Wednesday, May 16, 2018

Review: Wargaming Airborne Operations by Donald Featherstone,

Wargaming Airborne Operations.  by Donald Featherstone, copyright 1977 Kaye and Ward Ltd.
British Paratroopers, 1944

(A few months ago. I read “A Bridge Too Far” again. Two weeks ago, I saw the movie version again. Seeing a copy of Wargaming Airborne Operations offered, I bought it. Here is my review.)

American Paratrooper with Bazooka
I just finished reading Donald Featherstone’s Wargaming Airborne Operations. It is quite a read - 249 pages. Over 3/4 of the book covers the history, equipment and tactics of airborne operations. That includes coverage of Airborne operations by both sides in World War II. Less than 1/4 is the wargaming ,with advice on everything from troop scale to simulating airdrops. Be advised that this is not a hard-and-fast set of rules. Much is offered as suggestions for further development by the individual wargamer.

One thing is for sure: when you finish reading Wargaming Airborne Operations, you will have a good feel for airborne missions. Featherstone did excellent research into the subject. There is good information on the troops, their equipment and their weapons. Also explained are the types of aircraft and the role of pathfinders and supply drops.

The next part of the book discusses various airborne operations in World War II. It covers small operations as well as Market Garden (Arnhem) and Crete. In one section, Crete and Arnhem are explained in some depth, accompanied by wargame photos.
German Paratroopers

The wargaming section covers everything from movement to firing. It also offers several innovative (and some quaint) ways to simulate parachute drops and glider landings.

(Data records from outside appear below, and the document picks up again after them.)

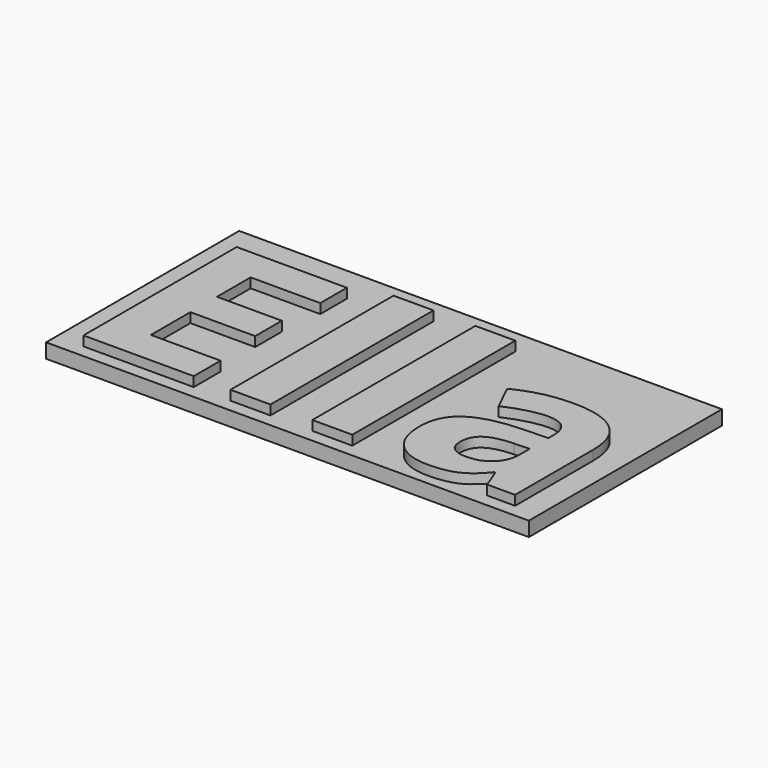
from build123d import *

# Parameters (mm, degrees)
F0_W         = 100
F0_H         = 50
F1_DEPTH     = 3
F2_TEXT_SIZE = 55.5555555556
F3_DEPTH     = 2


# Not quite as in the source:
# - Text() gives the source's letters only with a copy of the font that has no kerning and outlines rounded to 1/6400 em; it was checked with that copy


with BuildPart() as f1:
    # F0 (on Top) → F1 (new body)
    with BuildSketch(Plane.XY):
        with Locations((-50, 25)):
            Rectangle(F0_W, F0_H)
    extrude(amount=F1_DEPTH)

    # F2 (on face) → F3 (join)
    with BuildSketch(Plane.XY.offset(3)):
        with Locations((-99.3822556169, 2.6701185499)):
            Text('Ella', F2_TEXT_SIZE, font='Open Sans', font_style=FontStyle.BOLD, text_align=(TextAlign.LEFT, TextAlign.BOTTOM))
    extrude(amount=F3_DEPTH)


solid = f1.part
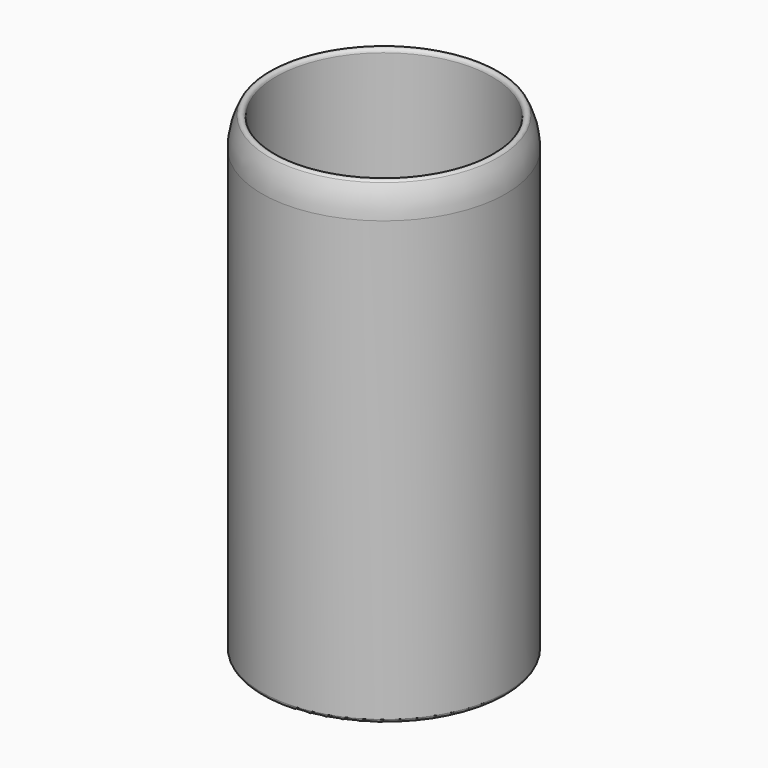
from build123d import *

# Parameters (mm, degrees)
F0_R     = 436.7191768954
F1_DEPTH = 1727.2
F2_T     = -50
F4_R     = 12.7


# Not quite as in the source:
# - a fillet or chamfer that OpenCascade refuses, or shapes differently, is made with other operations: its cross-section is extruded or revolved along the edge and cut away or added


with BuildPart() as f1:
    # F0 (on Top) → F1 (new body)
    with BuildSketch(Plane.XY):
        Circle(F0_R)
    extrude(amount=F1_DEPTH)

    # F2
    f2_openings = [f1.faces().sort_by_distance(p)[0] for p in [
        (0, 0, 1727.2),
    ]]
    offset(amount=F2_T, openings=f2_openings)

    # F3: fillet of radius 233.0198930403 on 1 edges, made by hand

    # F3_s1 → F3_t2 (revolve, cut)
    with BuildSketch(Plane.XZ):
        with BuildLine():
            ThreePointArc((436.7191768954, 1582.9710524755), (423.8646154278, 1659.2959981093), (386.7191768954, 1727.2))
            Line((386.7191768954, 1727.2), (436.7191768954, 1727.2))
            Line((436.7191768954, 1727.2), (436.7191768954, 1582.9710524755))
        make_face()
    revolve(axis=Axis((0, 0, 1727.2), (0, 0, 1)), mode=Mode.SUBTRACT)

    # F4
    f4_edges = [f1.edges().sort_by_distance(p)[0] for p in [
        (-436.719177, 0, 0),
        (-386.719177, 0, 50),
        (386.719177, 0, 888.6),
        (-386.719177, 0, 1727.2),
    ]]
    fillet(f4_edges, radius=F4_R)


solid = f1.part

There are also charts for armored vehicles and the penetrating power of anti-rank guns. This is all “old school” wargaming. It is very straightforward.

The wargaming section is not a cut-and-dried set of rules, however. Many things are suggestions aimed at experienced wargamers. Among these are “Chance Cards’ and “Military Possibilities” which add some of the unpredictable facts or war.

The end includes appendices. One described the structure of German, British and Americans Airborne formations. Another is a brief discourse on realistic battle fields. The last covers sources of miniatures and gear. Several of these no longer exist.

Personally, I enjoyed Wargaming Airborne Operations. It was very informative and certainly made the idea of airborne wargaming more appealing. It gave me new respect for the dangers and difficulties of conducting Airborne operations. I like the fact that the rules can be used with HO, and 1/72 scale troops and vehicles. (Call it what you will, but I was never interested in wargaming with 1/300 scale micro tanks.)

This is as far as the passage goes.